Today, scientists from the Event Horizon Telescope released a picture that will go down in scientific history: the first-ever image of a black hole. But there’s more to science than pretty pictures. Alongside the release, scientists dropped six papers documenting how they created the image and what they’ve already learned about the black hole at the center of M87, a galaxy 55 million light-years away.
“This is just the beginning,” Avery Broderick, physicist at the Perimeter Institute and the University of Waterloo said during a National Science Foundation press conference. Researchers are anticipating doing “amazing science” by “studying this image closely and repeating this story,” he said.
Black holes are places in space so dense, with such immense gravity, that beyond a certain boundary called the “event horizon,” light cannot escape. Using a technique called very long baseline interferometry, eight telescopes around the world were able to collect data from the black hole at the center of the galaxy M87 back in 2017. Researchers combined radio-wave data from each telescope, creating the image. While the final image is not a photograph and required significant data analysis and modelling to create, several independent techniques were used to process the data, and the shadow always remained in the final images, according to one of the papers.

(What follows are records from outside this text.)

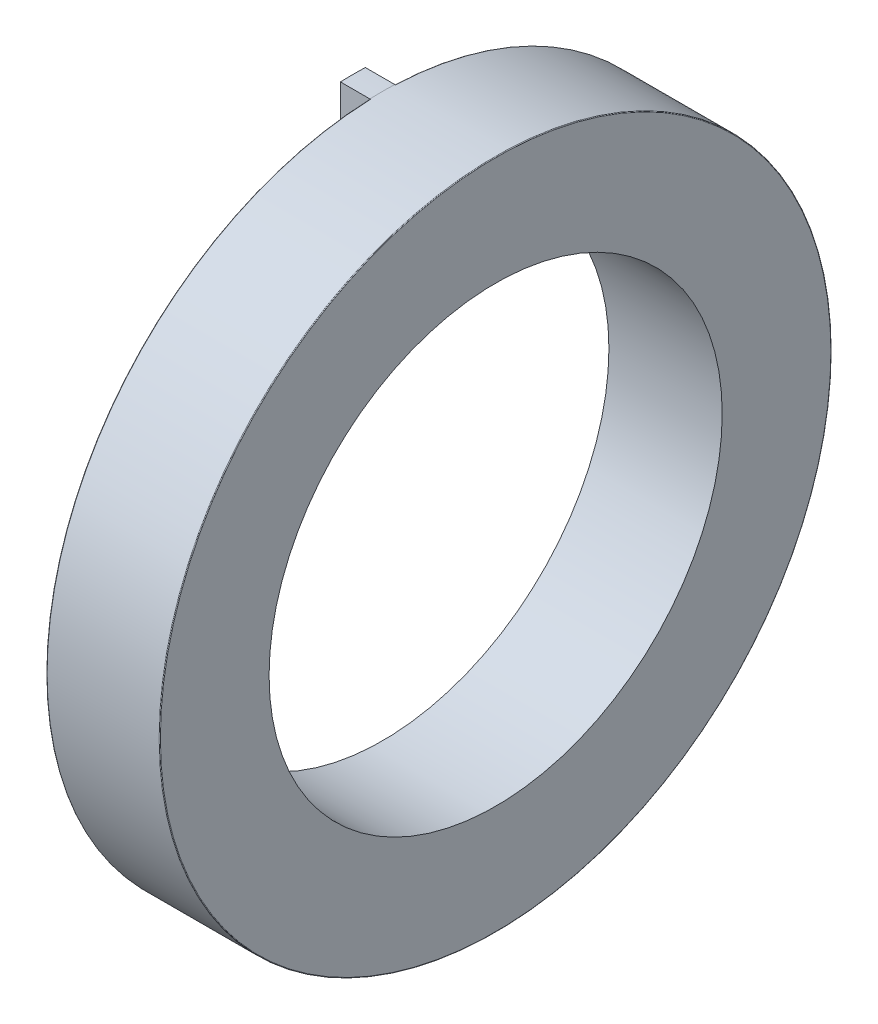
ISO-10303-21;
HEADER;
FILE_DESCRIPTION(('STEP AP214'),'2;1');
FILE_NAME('part.step','',(''),(''),'','','');
FILE_SCHEMA(('AUTOMOTIVE_DESIGN { 1 0 10303 214 1 1 1 1 }'));
ENDSEC;
DATA;
#1=APPLICATION_CONTEXT('core data for automotive mechanical design processes');
#2=APPLICATION_PROTOCOL_DEFINITION('international standard','automotive_design',2000,#1);
#3=PRODUCT_CONTEXT('',#1,'mechanical');
#4=PRODUCT('Part','Part','',(#3));
#5=PRODUCT_RELATED_PRODUCT_CATEGORY('part','',(#4));
#6=PRODUCT_DEFINITION_FORMATION('','',#4);
#7=PRODUCT_DEFINITION_CONTEXT('part definition',#1,'design');
#8=PRODUCT_DEFINITION('design','',#6,#7);
#9=PRODUCT_DEFINITION_SHAPE('','',#8);
#10=(LENGTH_UNIT() NAMED_UNIT(*) SI_UNIT(.MILLI.,.METRE.));
#11=(NAMED_UNIT(*) PLANE_ANGLE_UNIT() SI_UNIT($,.RADIAN.));
#12=(NAMED_UNIT(*) SI_UNIT($,.STERADIAN.) SOLID_ANGLE_UNIT());
#13=UNCERTAINTY_MEASURE_WITH_UNIT(LENGTH_MEASURE(1.E-05),#10,'distance_accuracy_value','');
#14=(GEOMETRIC_REPRESENTATION_CONTEXT(3) GLOBAL_UNCERTAINTY_ASSIGNED_CONTEXT((#13)) GLOBAL_UNIT_ASSIGNED_CONTEXT((#10,
#11,#12)) REPRESENTATION_CONTEXT('',''));
#15=CARTESIAN_POINT('',(0.,0.,0.));
#16=DIRECTION('',(0.,0.,1.));
#17=DIRECTION('',(1.,0.,0.));
#18=AXIS2_PLACEMENT_3D('',#15,#16,#17);
#19=CARTESIAN_POINT('',(0.,-33.9211770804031,0.));
#20=DIRECTION('',(0.,1.,0.));
#21=DIRECTION('',(0.,0.,1.));
#22=AXIS2_PLACEMENT_3D('',#19,#20,#21);
#23=PLANE('',#22);
#24=DIRECTION('',(0.,0.,-1.));
#25=VECTOR('',#24,1.);
#26=CARTESIAN_POINT('',(0.,-33.9211770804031,0.));
#27=LINE('',#26,#25);
#28=CARTESIAN_POINT('',(0.,-33.9211770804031,1.397));
#29=VERTEX_POINT('',#28);
#30=CARTESIAN_POINT('',(0.,-33.9211770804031,-1.397));
#31=VERTEX_POINT('',#30);
#32=EDGE_CURVE('E177',#29,#31,#27,.T.);
#33=ORIENTED_EDGE('',*,*,#32,.T.);
#34=DIRECTION('',(-1.,0.,0.));
#35=VECTOR('',#34,1.);
#36=CARTESIAN_POINT('',(0.,-33.9211770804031,-1.397));
#37=LINE('',#36,#35);
#38=CARTESIAN_POINT('',(-3.302,-33.9211770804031,-1.397));
#39=VERTEX_POINT('',#38);
#40=EDGE_CURVE('E149',#39,#31,#37,.F.);
#41=ORIENTED_EDGE('',*,*,#40,.F.);
#42=DIRECTION('',(0.,0.,-1.));
#43=VECTOR('',#42,1.);
#44=CARTESIAN_POINT('',(-3.302,-33.9211770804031,0.));
#45=LINE('',#44,#43);
#46=CARTESIAN_POINT('',(-3.302,-33.9211770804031,1.397));
#47=VERTEX_POINT('',#46);
#48=EDGE_CURVE('E150',#39,#47,#45,.F.);
#49=ORIENTED_EDGE('',*,*,#48,.T.);
#50=DIRECTION('',(1.,0.,0.));
#51=VECTOR('',#50,1.);
#52=CARTESIAN_POINT('',(0.,-33.9211770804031,1.397));
#53=LINE('',#52,#51);
#54=EDGE_CURVE('E115',#29,#47,#53,.F.);
#55=ORIENTED_EDGE('',*,*,#54,.F.);
#56=EDGE_LOOP('',(#33,#41,#49,#55));
#57=FACE_BOUND('',#56,.T.);
#58=ADVANCED_FACE('F17',(#57),#23,.T.);
#59=CARTESIAN_POINT('',(0.,33.9211770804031,0.));
#60=DIRECTION('',(0.,-1.,0.));
#61=DIRECTION('',(0.,0.,-1.));
#62=AXIS2_PLACEMENT_3D('',#59,#60,#61);
#63=PLANE('',#62);
#64=DIRECTION('',(0.,0.,-1.));
#65=VECTOR('',#64,1.);
#66=CARTESIAN_POINT('',(0.,33.9211770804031,0.));
#67=LINE('',#66,#65);
#68=CARTESIAN_POINT('',(0.,33.9211770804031,-1.397));
#69=VERTEX_POINT('',#68);
#70=CARTESIAN_POINT('',(0.,33.9211770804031,1.397));
#71=VERTEX_POINT('',#70);
#72=EDGE_CURVE('E160',#69,#71,#67,.F.);
#73=ORIENTED_EDGE('',*,*,#72,.T.);
#74=DIRECTION('',(1.,0.,0.));
#75=VECTOR('',#74,1.);
#76=CARTESIAN_POINT('',(0.,33.9211770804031,1.397));
#77=LINE('',#76,#75);
#78=CARTESIAN_POINT('',(-3.302,33.9211770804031,1.397));
#79=VERTEX_POINT('',#78);
#80=EDGE_CURVE('E153',#79,#71,#77,.T.);
#81=ORIENTED_EDGE('',*,*,#80,.F.);
#82=DIRECTION('',(0.,0.,-1.));
#83=VECTOR('',#82,1.);
#84=CARTESIAN_POINT('',(-3.302,33.9211770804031,0.));
#85=LINE('',#84,#83);
#86=CARTESIAN_POINT('',(-3.302,33.9211770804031,-1.397));
#87=VERTEX_POINT('',#86);
#88=EDGE_CURVE('E184',#79,#87,#85,.T.);
#89=ORIENTED_EDGE('',*,*,#88,.T.);
#90=DIRECTION('',(-1.,0.,0.));
#91=VECTOR('',#90,1.);
#92=CARTESIAN_POINT('',(0.,33.9211770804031,-1.397));
#93=LINE('',#92,#91);
#94=EDGE_CURVE('E166',#69,#87,#93,.T.);
#95=ORIENTED_EDGE('',*,*,#94,.F.);
#96=EDGE_LOOP('',(#73,#81,#89,#95));
#97=FACE_BOUND('',#96,.T.);
#98=ADVANCED_FACE('F413',(#97),#63,.T.);
#99=CARTESIAN_POINT('',(0.,0.,0.));
#100=DIRECTION('',(1.,0.,0.));
#101=DIRECTION('',(0.,0.,-1.));
#102=AXIS2_PLACEMENT_3D('',#99,#100,#101);
#103=CYLINDRICAL_SURFACE('',#102,25.4);
#104=CARTESIAN_POINT('',(0.,0.,0.));
#105=DIRECTION('',(1.,0.,0.));
#106=DIRECTION('',(0.,0.,-1.));
#107=AXIS2_PLACEMENT_3D('',#104,#105,#106);
#108=CIRCLE('',#107,25.4);
#109=CARTESIAN_POINT('',(0.,0.,-25.4));
#110=VERTEX_POINT('',#109);
#111=EDGE_CURVE('E359',#110,#110,#108,.F.);
#112=ORIENTED_EDGE('',*,*,#111,.T.);
#113=EDGE_LOOP('',(#112));
#114=FACE_BOUND('',#113,.T.);
#115=CARTESIAN_POINT('',(12.7,0.,0.));
#116=DIRECTION('',(1.,0.,0.));
#117=DIRECTION('',(0.,0.,-1.));
#118=AXIS2_PLACEMENT_3D('',#115,#116,#117);
#119=CIRCLE('',#118,25.4);
#120=CARTESIAN_POINT('',(12.7,0.,-25.4));
#121=VERTEX_POINT('',#120);
#122=EDGE_CURVE('E431',#121,#121,#119,.F.);
#123=ORIENTED_EDGE('',*,*,#122,.F.);
#124=EDGE_LOOP('',(#123));
#125=FACE_BOUND('',#124,.T.);
#126=ADVANCED_FACE('F410',(#114,#125),#103,.F.);
#127=CARTESIAN_POINT('',(-3.302,-35.7788015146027,0.));
#128=DIRECTION('',(1.,0.,0.));
#129=DIRECTION('',(0.,0.,-1.));
#130=AXIS2_PLACEMENT_3D('',#127,#128,#129);
#131=PLANE('',#130);
#132=DIRECTION('',(0.,1.,0.));
#133=VECTOR('',#132,1.);
#134=CARTESIAN_POINT('',(-3.302,-35.7753770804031,-1.397));
#135=LINE('',#134,#133);
#136=CARTESIAN_POINT('',(-3.302,-37.6295770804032,-1.39700000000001));
#137=VERTEX_POINT('',#136);
#138=EDGE_CURVE('E146',#137,#39,#135,.T.);
#139=ORIENTED_EDGE('',*,*,#138,.F.);
#140=CARTESIAN_POINT('',(-3.302,0.09803531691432,0.));
#141=DIRECTION('',(-1.,0.,0.));
#142=DIRECTION('',(0.,0.,1.));
#143=AXIS2_PLACEMENT_3D('',#140,#141,#142);
#144=CIRCLE('',#143,37.7534680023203);
#145=CARTESIAN_POINT('',(-3.302,-37.6295770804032,1.39700000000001));
#146=VERTEX_POINT('',#145);
#147=EDGE_CURVE('E207',#146,#137,#144,.F.);
#148=ORIENTED_EDGE('',*,*,#147,.F.);
#149=DIRECTION('',(0.,1.,0.));
#150=VECTOR('',#149,1.);
#151=CARTESIAN_POINT('',(-3.302,-35.7753770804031,1.397));
#152=LINE('',#151,#150);
#153=EDGE_CURVE('E130',#47,#146,#152,.F.);
#154=ORIENTED_EDGE('',*,*,#153,.F.);
#155=ORIENTED_EDGE('',*,*,#48,.F.);
#156=EDGE_LOOP('',(#139,#148,#154,#155));
#157=FACE_BOUND('',#156,.T.);
#158=ADVANCED_FACE('F406',(#157),#131,.F.);
#159=CARTESIAN_POINT('',(0.,-35.7753770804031,-1.397));
#160=DIRECTION('',(0.,0.,-1.));
#161=DIRECTION('',(-1.,0.,0.));
#162=AXIS2_PLACEMENT_3D('',#159,#160,#161);
#163=PLANE('',#162);
#164=DIRECTION('',(-1.,0.,0.));
#165=VECTOR('',#164,1.);
#166=CARTESIAN_POINT('',(0.,-37.6295770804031,-1.397));
#167=LINE('',#166,#165);
#168=CARTESIAN_POINT('',(0.0762,-37.6295770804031,-1.397));
#169=VERTEX_POINT('',#168);
#170=CARTESIAN_POINT('',(0.,-37.6295770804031,-1.39700000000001));
#171=VERTEX_POINT('',#170);
#172=EDGE_CURVE('E132',#169,#171,#167,.T.);
#173=ORIENTED_EDGE('',*,*,#172,.T.);
#174=DIRECTION('',(-1.,0.,0.));
#175=VECTOR('',#174,1.);
#176=CARTESIAN_POINT('',(0.,-37.6295770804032,-1.39700000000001));
#177=LINE('',#176,#175);
#178=EDGE_CURVE('E430',#137,#171,#177,.F.);
#179=ORIENTED_EDGE('',*,*,#178,.F.);
#180=ORIENTED_EDGE('',*,*,#138,.T.);
#181=ORIENTED_EDGE('',*,*,#40,.T.);
#182=DIRECTION('',(0.,1.,0.));
#183=VECTOR('',#182,1.);
#184=CARTESIAN_POINT('',(0.,0.,-1.397));
#185=LINE('',#184,#183);
#186=CARTESIAN_POINT('',(0.,-37.5533244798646,-1.39699999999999));
#187=VERTEX_POINT('',#186);
#188=EDGE_CURVE('E179',#31,#187,#185,.F.);
#189=ORIENTED_EDGE('',*,*,#188,.T.);
#190=CARTESIAN_POINT('',(0.,-37.5533244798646,-1.397));
#191=CARTESIAN_POINT('',(2.54472918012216E-07,-37.5576208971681,-1.39700000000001));
#192=CARTESIAN_POINT('',(0.00036384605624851,-37.5619096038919,-1.397));
#193=CARTESIAN_POINT('',(0.00180259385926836,-37.5703624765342,-1.397));
#194=CARTESIAN_POINT('',(0.00287720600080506,-37.5745267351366,-1.39699999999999));
#195=CARTESIAN_POINT('',(0.00713679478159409,-37.5866537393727,-1.39699999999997));
#196=CARTESIAN_POINT('',(0.0113577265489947,-37.5942791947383,-1.39699999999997));
#197=CARTESIAN_POINT('',(0.0220755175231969,-37.6076861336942,-1.39699999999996));
#198=CARTESIAN_POINT('',(0.0285716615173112,-37.613468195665,-1.39699999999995));
#199=CARTESIAN_POINT('',(0.0431201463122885,-37.6225447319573,-1.39699999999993));
#200=CARTESIAN_POINT('',(0.0511714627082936,-37.6258408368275,-1.39699999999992));
#201=CARTESIAN_POINT('',(0.0649978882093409,-37.6289659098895,-1.39699999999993));
#202=CARTESIAN_POINT('',(0.0706021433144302,-37.6295979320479,-1.39699999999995));
#203=CARTESIAN_POINT('',(0.0761999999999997,-37.6295770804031,-1.39699999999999));
#204=B_SPLINE_CURVE_WITH_KNOTS('',3,(#190,#191,#192,#193,#194,#195,#196,#197,#198,#199,#200,
#201,#202,#203),.UNSPECIFIED.,.F.,.F.,(4,2,2,2,2,2,4),(0.,0.0128589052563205,0.0257079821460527,
0.0513248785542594,0.0769337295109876,0.102525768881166,0.119305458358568),.UNSPECIFIED.);
#205=EDGE_CURVE('E143',#187,#169,#204,.T.);
#206=ORIENTED_EDGE('',*,*,#205,.T.);
#207=EDGE_LOOP('',(#173,#179,#180,#181,#189,#206));
#208=FACE_BOUND('',#207,.T.);
#209=ADVANCED_FACE('F402',(#208),#163,.T.);
#210=CARTESIAN_POINT('',(0.,-35.7753770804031,1.397));
#211=DIRECTION('',(0.,0.,1.));
#212=DIRECTION('',(1.,0.,0.));
#213=AXIS2_PLACEMENT_3D('',#210,#211,#212);
#214=PLANE('',#213);
#215=DIRECTION('',(0.,1.,0.));
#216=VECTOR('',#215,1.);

Most importantly, this image once again proves that the main theory that physicists use to explain the force of gravity, the theory of general relativity, is correct. Yale astrophysicist Priyamvada Natarajan told Gizmodo in an email that the picture also offers the strongest evidence yet that what we’ve long thought about galaxies is true—that they contain supermassive black holes at their centres that contain points-of-no-return for light, called event horizons. In short, they’re not just big dense balls, but something scarier.
This alone is a huge deal. Despite their chaos, general relativity says that a black hole’s behaviour can be predicted based on just three properties: its mass, spin, and electric charge. Much smaller black holes seem follow these rules, as per observations from the LIGO and Virgo gravitational wave detectors, which measure disturbances in spacetime from black holes colliding. But perhaps there’s something we weren’t seeing, some effect that only comes about in larger black holes, and maybe these potential differences could help describe some mysteries of the Universe, like dark matter.
But these first results from the Event Horizon Telescope suggest that both big and small black holes obey the same rules. “Just seeing that [M87’s black hole] looks like a black hole at billions of times the mass of the Sun, and LIGO’s black holes look like black holes at a few tens of times the mass of the Sun, is already constraining potential modifications to gravity,” Maya Fishbach, graduate student in the University of Chicago department of astronomy and astrophysics, told Gizmodo. What she means is that those hoping to use potential new effects caused by differences in black hole size to solve mysteries like dark matter will need to look elsewhere for answers.
Creating the image also taught us the specifics of the black hole itself. The image doesn’t show the black hole’s event horizon, but a shadow cast by the light around it due to the unstable orbits of photons around the central object. Still, scientists know that the shadow is around five times the Schwarzschild radius, or the size of the event horizon. That’s enough to infer some of the black hole’s properties—researchers calculated its mass, for example, at 6.5 billion times the mass of the Sun.
Another result comes not from the shadow itself, but from the ring of radiation surrounding it. You might notice that it’s asymmetric —it seems to glow stronger on the bottom part of the image than on the top. Past observations of galaxy M87 demonstrate that it’s launching a high-energy jet of matter from its center, and physicists have hypothesized that the jet could be powered by energy associated with the black hole spinning. The asymmetry in the glow provides evidence that the black hole is indeed spinning, which could be powering the jet. The rest of the shape would be due to gravitational lensing—the black hole warping light from the stuff behind it, according to the paper published in The Astrophysical Journal Letters.
But they haven’t actually observed the jet yet, Kazunori Akiyama, postdoctoral fellow at the MIT Haystack Observatory leading the EHT imaging group, explained to Gizmodo by phone. And that’s an important area to study, since it could explain how the galaxy M87 evolves more generally—but they don’t yet have the image sensitivity to see the jet itself, nor the jet-forming region.
Then, there’s the unanswered question of whether physicists will be able to see changes to the region around the black hole over time, Akiyama explained. The group produced four images, one from each night that they observed with the telescope—and each image looked slightly different. “We don’t have enough data to locate the origin of the time variation,” Akiyama said. “But we believe that by accumulating observations over the next year with additional telescopes, we can identify what’s changing the black hole image.”
More telescopes will join the effort, and hopefully we’ll also soon see an image of Sagittarius A*, the black hole at the center of our own galaxy. Imaging that black hole has proven more difficult, as it’s much smaller and there’s more motion around it.
Today, we’ve got an incredible picture. And soon we’ll get a whole lot more incredible science to ponder over.